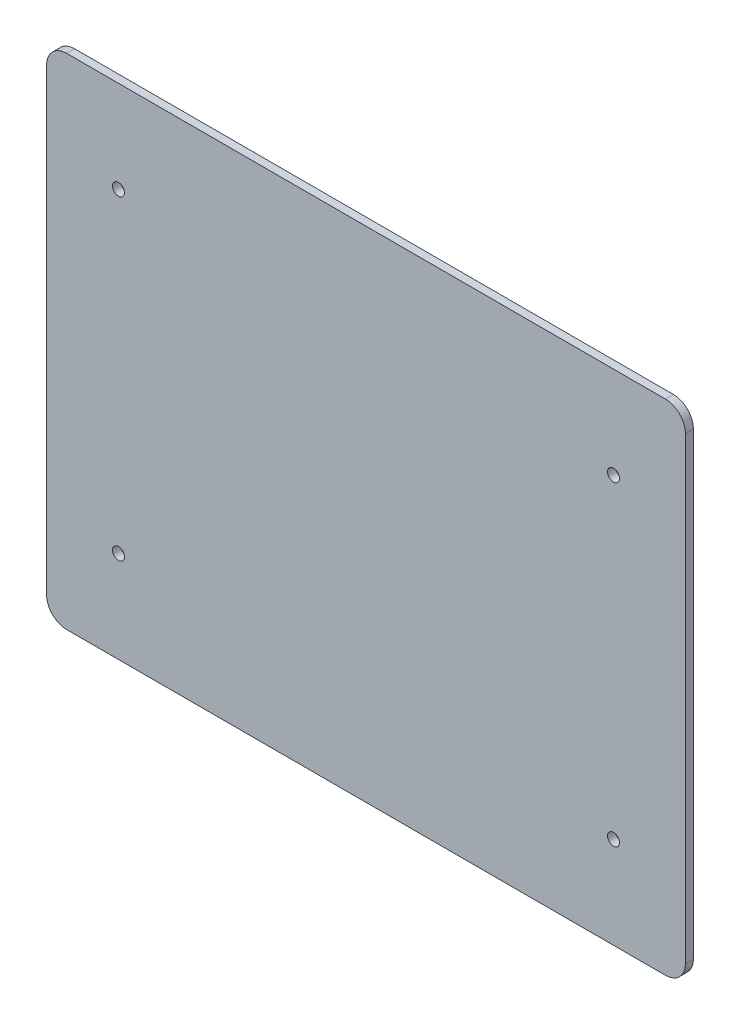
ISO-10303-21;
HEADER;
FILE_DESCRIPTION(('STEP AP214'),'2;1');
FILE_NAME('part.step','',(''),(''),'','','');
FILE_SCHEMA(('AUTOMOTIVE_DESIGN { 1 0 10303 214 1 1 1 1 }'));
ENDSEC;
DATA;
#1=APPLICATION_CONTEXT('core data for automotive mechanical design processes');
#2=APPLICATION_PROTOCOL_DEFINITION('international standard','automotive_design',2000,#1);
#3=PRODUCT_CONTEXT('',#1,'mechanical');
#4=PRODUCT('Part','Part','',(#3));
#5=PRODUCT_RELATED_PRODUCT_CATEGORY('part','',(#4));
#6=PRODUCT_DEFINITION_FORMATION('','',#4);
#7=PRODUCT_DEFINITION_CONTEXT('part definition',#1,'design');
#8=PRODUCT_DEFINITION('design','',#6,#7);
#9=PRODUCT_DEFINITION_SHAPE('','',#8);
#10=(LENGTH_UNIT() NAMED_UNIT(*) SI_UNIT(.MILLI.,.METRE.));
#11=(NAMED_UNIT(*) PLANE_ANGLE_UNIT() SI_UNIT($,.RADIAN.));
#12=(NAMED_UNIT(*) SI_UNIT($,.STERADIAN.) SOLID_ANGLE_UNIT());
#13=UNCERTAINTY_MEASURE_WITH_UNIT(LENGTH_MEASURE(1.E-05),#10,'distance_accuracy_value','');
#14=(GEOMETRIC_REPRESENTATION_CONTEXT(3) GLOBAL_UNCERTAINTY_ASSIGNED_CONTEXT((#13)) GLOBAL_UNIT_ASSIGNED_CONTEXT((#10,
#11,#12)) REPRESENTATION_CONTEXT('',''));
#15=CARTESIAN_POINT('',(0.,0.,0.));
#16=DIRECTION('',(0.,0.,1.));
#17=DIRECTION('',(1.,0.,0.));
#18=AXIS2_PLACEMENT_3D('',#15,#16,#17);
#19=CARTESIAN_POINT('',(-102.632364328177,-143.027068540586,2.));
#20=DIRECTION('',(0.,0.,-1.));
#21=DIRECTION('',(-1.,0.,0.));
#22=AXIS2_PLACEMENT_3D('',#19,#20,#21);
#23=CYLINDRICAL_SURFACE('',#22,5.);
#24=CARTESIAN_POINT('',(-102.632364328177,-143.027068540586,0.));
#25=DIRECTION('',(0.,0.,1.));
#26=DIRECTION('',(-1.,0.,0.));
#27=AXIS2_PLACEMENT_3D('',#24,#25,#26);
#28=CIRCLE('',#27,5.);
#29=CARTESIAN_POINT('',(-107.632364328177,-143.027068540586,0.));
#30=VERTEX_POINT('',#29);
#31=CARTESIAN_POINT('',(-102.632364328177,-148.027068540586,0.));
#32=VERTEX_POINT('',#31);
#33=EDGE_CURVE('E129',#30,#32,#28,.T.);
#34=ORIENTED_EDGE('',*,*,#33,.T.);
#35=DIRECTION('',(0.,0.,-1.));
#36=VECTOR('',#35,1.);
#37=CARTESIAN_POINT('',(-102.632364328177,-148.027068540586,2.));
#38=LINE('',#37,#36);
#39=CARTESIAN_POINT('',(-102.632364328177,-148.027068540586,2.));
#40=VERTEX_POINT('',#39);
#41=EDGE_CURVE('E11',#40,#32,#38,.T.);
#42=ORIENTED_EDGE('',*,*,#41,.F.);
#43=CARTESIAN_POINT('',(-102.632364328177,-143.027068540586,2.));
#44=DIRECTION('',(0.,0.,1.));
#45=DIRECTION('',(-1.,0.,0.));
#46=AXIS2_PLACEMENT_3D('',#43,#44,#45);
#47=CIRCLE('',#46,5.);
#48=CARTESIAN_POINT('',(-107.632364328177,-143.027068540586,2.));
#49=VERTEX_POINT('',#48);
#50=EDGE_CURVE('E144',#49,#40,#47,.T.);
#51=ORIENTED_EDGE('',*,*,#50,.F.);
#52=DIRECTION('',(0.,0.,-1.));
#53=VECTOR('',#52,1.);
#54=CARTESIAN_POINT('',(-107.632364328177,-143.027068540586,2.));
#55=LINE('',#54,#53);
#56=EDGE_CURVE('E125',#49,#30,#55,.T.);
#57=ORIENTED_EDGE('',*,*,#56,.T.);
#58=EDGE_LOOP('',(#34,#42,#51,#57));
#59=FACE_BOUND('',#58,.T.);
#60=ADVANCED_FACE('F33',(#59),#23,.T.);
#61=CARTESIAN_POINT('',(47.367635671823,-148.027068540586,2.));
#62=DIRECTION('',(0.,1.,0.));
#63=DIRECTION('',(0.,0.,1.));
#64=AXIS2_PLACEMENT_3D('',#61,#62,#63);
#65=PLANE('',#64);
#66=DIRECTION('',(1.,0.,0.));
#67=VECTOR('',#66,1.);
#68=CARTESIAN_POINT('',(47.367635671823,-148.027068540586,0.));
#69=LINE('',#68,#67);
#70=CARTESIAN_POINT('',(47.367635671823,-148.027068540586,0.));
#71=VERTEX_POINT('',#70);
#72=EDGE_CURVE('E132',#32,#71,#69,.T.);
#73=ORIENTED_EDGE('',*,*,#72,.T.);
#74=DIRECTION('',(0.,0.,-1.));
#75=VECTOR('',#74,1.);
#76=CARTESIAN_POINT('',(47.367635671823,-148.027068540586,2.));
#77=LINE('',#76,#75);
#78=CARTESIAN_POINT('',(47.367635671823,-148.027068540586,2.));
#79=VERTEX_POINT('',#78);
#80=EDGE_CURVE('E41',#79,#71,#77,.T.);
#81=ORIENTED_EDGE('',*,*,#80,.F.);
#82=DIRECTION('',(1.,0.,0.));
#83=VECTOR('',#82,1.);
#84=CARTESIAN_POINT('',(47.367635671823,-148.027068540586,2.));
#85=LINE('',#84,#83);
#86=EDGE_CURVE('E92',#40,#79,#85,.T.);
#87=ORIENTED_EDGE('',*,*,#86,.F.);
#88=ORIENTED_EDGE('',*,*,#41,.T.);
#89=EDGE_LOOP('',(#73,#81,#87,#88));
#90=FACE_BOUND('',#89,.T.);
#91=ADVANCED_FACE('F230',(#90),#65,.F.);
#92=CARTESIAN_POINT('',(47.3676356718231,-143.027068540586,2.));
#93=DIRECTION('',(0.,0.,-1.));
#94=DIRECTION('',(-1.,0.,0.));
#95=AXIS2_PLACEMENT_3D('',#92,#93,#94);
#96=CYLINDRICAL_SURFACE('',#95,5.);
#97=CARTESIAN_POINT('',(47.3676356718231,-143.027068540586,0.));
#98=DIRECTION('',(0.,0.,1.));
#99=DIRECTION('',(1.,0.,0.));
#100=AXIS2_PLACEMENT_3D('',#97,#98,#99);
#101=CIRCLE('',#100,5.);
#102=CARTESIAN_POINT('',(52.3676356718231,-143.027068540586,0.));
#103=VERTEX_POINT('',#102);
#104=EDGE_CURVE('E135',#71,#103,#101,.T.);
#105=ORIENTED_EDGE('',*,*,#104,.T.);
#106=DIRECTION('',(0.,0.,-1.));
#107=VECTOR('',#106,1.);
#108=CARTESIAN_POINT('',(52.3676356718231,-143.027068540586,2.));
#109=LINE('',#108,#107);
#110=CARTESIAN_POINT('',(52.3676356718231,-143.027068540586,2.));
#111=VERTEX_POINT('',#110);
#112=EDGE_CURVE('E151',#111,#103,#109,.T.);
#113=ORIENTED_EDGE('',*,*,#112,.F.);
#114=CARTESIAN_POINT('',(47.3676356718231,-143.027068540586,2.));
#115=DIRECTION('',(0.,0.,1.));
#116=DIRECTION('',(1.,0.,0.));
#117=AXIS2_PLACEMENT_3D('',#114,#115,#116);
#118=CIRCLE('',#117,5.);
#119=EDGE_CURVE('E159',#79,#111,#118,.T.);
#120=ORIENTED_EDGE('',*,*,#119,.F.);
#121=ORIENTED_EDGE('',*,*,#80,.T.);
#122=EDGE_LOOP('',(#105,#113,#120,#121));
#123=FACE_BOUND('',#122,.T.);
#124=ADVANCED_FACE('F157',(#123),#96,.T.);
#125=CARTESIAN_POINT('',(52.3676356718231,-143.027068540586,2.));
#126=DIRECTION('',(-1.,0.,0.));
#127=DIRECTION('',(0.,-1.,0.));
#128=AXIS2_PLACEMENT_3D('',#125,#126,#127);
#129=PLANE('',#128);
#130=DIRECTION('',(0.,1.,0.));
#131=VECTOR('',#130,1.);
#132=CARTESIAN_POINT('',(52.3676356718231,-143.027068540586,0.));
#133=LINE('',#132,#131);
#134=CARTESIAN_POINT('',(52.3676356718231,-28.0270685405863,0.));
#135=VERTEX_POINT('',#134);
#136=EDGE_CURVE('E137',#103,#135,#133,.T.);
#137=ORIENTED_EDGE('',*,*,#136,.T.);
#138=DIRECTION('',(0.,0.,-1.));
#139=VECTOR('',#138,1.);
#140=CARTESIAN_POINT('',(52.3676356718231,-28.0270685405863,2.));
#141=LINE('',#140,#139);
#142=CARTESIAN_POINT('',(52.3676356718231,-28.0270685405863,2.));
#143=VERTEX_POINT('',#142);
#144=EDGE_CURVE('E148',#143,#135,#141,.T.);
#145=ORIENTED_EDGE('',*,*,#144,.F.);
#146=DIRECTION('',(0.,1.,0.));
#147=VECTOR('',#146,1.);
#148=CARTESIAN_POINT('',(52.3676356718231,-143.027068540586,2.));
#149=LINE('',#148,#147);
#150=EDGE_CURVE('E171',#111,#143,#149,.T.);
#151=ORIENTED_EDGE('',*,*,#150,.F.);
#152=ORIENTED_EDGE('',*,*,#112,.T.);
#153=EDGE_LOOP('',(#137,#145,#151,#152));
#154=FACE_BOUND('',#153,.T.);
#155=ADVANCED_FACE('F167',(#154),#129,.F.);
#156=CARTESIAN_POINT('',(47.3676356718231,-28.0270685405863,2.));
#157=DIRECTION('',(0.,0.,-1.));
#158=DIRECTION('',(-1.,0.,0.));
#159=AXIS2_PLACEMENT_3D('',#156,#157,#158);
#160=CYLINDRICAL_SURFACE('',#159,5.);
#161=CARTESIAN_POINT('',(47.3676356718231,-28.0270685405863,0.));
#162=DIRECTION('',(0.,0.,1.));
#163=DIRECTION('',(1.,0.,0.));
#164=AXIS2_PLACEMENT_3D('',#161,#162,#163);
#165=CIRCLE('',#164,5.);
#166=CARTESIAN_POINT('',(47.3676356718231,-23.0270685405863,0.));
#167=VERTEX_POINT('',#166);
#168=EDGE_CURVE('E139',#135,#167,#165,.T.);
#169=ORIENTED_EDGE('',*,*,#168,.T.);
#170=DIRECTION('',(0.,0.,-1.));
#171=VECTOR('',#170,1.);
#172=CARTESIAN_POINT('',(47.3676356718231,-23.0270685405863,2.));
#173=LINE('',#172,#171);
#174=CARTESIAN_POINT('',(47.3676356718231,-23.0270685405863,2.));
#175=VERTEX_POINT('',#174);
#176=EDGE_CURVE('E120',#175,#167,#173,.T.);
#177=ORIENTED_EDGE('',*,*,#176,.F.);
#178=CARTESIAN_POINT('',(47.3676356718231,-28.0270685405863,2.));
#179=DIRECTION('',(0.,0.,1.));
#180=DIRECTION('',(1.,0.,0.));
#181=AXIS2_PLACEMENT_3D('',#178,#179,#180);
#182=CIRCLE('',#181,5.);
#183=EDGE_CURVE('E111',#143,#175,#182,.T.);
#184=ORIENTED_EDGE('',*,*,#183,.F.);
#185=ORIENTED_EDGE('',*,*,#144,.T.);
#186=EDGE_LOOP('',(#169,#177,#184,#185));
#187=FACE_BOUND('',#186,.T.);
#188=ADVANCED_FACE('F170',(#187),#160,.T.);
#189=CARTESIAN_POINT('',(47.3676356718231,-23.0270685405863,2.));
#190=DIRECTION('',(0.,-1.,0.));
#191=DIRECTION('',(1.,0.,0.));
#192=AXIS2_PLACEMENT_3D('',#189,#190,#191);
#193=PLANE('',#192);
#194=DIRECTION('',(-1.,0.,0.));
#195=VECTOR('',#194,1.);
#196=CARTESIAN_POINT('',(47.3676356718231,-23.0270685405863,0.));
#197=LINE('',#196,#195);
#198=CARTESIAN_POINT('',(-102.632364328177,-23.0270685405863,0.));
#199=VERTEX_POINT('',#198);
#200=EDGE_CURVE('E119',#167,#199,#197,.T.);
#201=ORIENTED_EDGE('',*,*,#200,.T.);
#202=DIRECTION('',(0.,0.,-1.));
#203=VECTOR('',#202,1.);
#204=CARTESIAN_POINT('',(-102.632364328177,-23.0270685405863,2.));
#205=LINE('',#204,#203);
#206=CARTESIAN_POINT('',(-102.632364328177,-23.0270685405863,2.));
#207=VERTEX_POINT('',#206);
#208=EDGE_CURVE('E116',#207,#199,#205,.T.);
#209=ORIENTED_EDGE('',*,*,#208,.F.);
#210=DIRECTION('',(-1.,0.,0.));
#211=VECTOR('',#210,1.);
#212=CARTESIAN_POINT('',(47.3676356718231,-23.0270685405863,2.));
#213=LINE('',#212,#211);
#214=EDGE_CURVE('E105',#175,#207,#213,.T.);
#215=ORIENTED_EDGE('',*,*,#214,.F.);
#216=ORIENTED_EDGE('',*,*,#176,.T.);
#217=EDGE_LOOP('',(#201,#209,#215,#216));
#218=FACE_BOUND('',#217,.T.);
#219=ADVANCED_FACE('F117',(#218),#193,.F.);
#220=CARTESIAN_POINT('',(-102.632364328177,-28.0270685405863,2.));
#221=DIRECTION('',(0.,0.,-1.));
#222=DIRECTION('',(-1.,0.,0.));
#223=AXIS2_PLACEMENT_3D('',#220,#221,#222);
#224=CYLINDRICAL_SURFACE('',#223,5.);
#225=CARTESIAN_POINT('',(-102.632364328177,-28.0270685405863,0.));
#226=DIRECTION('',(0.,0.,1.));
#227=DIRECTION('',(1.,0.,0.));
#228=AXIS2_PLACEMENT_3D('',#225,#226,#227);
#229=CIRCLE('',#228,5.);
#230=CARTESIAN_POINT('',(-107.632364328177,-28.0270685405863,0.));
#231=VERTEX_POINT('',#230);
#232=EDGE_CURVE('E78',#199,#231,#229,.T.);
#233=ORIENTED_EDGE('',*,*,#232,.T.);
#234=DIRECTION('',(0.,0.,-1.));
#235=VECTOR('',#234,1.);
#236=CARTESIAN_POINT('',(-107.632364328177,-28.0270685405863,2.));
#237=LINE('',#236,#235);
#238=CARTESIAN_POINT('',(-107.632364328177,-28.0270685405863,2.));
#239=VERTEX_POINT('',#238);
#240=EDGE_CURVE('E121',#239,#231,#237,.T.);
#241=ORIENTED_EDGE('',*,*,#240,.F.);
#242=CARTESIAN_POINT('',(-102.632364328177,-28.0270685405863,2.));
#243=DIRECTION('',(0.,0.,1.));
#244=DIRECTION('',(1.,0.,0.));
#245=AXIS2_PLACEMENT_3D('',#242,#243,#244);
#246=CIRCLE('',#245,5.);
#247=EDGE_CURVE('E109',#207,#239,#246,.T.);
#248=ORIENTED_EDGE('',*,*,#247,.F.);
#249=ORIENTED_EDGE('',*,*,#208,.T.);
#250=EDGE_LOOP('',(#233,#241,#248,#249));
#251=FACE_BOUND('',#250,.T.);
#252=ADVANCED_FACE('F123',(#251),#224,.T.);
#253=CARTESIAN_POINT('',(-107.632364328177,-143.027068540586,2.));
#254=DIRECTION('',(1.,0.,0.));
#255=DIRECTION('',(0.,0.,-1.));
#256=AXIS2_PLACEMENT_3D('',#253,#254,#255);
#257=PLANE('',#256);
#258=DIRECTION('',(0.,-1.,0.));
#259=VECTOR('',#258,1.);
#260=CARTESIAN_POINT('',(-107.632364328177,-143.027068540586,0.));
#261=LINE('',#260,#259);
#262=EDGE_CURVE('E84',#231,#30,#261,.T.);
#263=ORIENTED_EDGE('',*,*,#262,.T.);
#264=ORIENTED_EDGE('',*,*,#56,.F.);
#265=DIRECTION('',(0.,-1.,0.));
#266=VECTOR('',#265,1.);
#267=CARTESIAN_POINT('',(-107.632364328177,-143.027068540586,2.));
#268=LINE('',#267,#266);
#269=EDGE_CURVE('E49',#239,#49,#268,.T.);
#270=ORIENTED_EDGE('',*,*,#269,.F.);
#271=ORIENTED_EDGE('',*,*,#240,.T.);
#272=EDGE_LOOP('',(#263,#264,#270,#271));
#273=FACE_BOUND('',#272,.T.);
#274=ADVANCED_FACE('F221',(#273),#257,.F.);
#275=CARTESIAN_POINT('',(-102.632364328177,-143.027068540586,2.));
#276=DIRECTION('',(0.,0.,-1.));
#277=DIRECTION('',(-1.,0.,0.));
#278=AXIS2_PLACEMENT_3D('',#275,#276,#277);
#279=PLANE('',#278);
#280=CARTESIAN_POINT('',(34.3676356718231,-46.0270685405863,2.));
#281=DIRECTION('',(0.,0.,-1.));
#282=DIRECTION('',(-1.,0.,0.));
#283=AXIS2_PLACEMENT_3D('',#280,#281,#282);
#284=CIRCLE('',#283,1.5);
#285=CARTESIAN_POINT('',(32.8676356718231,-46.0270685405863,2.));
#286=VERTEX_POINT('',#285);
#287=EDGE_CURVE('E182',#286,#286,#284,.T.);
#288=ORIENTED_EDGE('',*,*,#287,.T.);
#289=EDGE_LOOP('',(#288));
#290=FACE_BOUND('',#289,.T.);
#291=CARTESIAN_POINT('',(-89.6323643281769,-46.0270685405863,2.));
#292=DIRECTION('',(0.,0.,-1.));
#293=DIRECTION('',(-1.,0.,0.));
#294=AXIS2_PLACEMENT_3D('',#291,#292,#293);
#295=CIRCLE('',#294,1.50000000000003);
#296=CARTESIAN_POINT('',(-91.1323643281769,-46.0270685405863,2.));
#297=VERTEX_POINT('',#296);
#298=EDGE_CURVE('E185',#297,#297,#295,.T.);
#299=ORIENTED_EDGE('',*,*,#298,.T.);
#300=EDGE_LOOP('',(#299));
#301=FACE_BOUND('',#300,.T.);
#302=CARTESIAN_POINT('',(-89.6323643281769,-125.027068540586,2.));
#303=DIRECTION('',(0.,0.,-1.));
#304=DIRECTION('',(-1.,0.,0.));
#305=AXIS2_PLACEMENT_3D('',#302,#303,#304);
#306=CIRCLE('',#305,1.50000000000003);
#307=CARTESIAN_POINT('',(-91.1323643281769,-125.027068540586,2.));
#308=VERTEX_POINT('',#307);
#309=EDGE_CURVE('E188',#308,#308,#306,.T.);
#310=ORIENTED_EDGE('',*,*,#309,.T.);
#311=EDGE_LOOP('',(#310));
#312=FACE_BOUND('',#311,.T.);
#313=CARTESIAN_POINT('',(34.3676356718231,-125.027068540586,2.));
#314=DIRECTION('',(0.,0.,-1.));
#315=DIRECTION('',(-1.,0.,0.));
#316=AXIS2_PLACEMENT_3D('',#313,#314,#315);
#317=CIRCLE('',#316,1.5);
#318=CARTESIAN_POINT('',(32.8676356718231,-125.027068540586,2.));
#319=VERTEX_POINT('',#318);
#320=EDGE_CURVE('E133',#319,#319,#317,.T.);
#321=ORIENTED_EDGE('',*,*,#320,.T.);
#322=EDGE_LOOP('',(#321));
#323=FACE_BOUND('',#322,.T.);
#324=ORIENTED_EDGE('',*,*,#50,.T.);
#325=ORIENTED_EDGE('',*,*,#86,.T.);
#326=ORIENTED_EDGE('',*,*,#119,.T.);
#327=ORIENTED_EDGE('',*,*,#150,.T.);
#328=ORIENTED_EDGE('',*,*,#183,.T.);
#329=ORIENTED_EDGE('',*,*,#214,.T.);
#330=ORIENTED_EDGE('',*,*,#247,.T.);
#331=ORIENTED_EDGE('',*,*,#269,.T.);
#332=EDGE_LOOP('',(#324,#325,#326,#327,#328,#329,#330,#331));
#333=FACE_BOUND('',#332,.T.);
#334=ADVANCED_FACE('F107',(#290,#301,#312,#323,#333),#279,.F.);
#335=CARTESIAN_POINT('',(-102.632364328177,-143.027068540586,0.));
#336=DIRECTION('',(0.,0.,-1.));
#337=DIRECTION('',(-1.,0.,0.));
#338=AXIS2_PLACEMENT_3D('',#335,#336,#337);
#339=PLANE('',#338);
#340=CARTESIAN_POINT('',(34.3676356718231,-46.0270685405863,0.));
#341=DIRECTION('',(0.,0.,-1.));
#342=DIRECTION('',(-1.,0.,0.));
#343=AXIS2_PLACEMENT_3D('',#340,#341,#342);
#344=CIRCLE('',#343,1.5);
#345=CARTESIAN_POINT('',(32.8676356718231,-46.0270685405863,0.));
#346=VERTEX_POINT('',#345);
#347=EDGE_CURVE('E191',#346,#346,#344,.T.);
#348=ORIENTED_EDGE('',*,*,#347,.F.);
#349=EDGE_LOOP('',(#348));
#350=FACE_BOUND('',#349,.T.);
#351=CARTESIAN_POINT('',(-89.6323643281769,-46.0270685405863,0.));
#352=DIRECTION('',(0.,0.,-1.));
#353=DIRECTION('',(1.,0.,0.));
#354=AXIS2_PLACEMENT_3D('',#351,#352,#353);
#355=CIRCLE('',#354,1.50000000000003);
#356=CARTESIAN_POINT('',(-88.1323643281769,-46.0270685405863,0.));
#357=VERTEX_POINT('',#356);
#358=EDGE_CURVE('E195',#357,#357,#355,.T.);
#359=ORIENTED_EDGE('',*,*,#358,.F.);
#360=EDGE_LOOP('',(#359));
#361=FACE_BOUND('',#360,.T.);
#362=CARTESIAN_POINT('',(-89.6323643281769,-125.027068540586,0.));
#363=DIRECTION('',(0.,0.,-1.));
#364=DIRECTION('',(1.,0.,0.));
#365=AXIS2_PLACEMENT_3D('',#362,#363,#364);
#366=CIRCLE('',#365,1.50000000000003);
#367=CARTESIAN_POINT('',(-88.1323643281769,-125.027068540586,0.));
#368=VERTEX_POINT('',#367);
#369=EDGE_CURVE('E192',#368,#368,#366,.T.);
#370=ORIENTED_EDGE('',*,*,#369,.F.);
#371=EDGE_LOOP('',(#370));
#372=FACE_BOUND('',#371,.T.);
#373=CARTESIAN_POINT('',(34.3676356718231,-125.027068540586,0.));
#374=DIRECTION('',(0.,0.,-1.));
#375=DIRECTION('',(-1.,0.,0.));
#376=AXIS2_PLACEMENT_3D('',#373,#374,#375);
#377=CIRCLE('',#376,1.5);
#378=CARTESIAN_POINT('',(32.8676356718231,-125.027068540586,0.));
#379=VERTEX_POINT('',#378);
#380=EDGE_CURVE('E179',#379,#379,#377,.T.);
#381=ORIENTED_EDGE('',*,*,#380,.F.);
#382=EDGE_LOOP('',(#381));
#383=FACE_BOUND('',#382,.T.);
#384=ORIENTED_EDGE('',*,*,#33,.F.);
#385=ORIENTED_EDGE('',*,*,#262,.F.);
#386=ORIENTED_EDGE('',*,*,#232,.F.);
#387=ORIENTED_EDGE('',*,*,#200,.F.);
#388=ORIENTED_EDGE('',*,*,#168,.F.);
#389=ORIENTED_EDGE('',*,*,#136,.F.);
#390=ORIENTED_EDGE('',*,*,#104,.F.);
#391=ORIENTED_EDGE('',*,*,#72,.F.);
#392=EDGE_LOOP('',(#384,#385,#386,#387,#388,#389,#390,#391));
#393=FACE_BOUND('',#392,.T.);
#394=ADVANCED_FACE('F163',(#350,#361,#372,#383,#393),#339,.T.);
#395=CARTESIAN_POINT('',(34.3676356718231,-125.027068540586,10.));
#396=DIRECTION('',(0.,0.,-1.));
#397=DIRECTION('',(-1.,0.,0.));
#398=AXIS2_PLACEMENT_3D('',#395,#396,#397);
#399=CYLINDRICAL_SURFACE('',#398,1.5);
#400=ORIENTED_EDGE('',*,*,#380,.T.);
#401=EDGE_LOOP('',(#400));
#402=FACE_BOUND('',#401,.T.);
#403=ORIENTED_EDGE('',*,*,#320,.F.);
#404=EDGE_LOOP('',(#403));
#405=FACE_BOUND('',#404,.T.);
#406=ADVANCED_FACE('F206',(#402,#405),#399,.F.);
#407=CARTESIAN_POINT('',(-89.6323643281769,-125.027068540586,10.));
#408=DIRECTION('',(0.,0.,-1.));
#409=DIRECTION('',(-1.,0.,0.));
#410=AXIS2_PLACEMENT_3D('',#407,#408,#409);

┄┄┄┄┄┄┄┄┄┄

TRY IT:
In the listing above, find the line containing "#207=VERTEX_POINT('',#206);" and the line containing "#213=LINE('',#212,#211);", then retype both and every line between them exactly, with nothing else.

OUTPUT OF THE TASK:
#207=VERTEX_POINT('',#206);
#208=EDGE_CURVE('E116',#207,#199,#205,.T.);
#209=ORIENTED_EDGE('',*,*,#208,.F.);
#210=DIRECTION('',(-1.,0.,0.));
#211=VECTOR('',#210,1.);
#212=CARTESIAN_POINT('',(47.3676356718231,-23.0270685405863,2.));
#213=LINE('',#212,#211);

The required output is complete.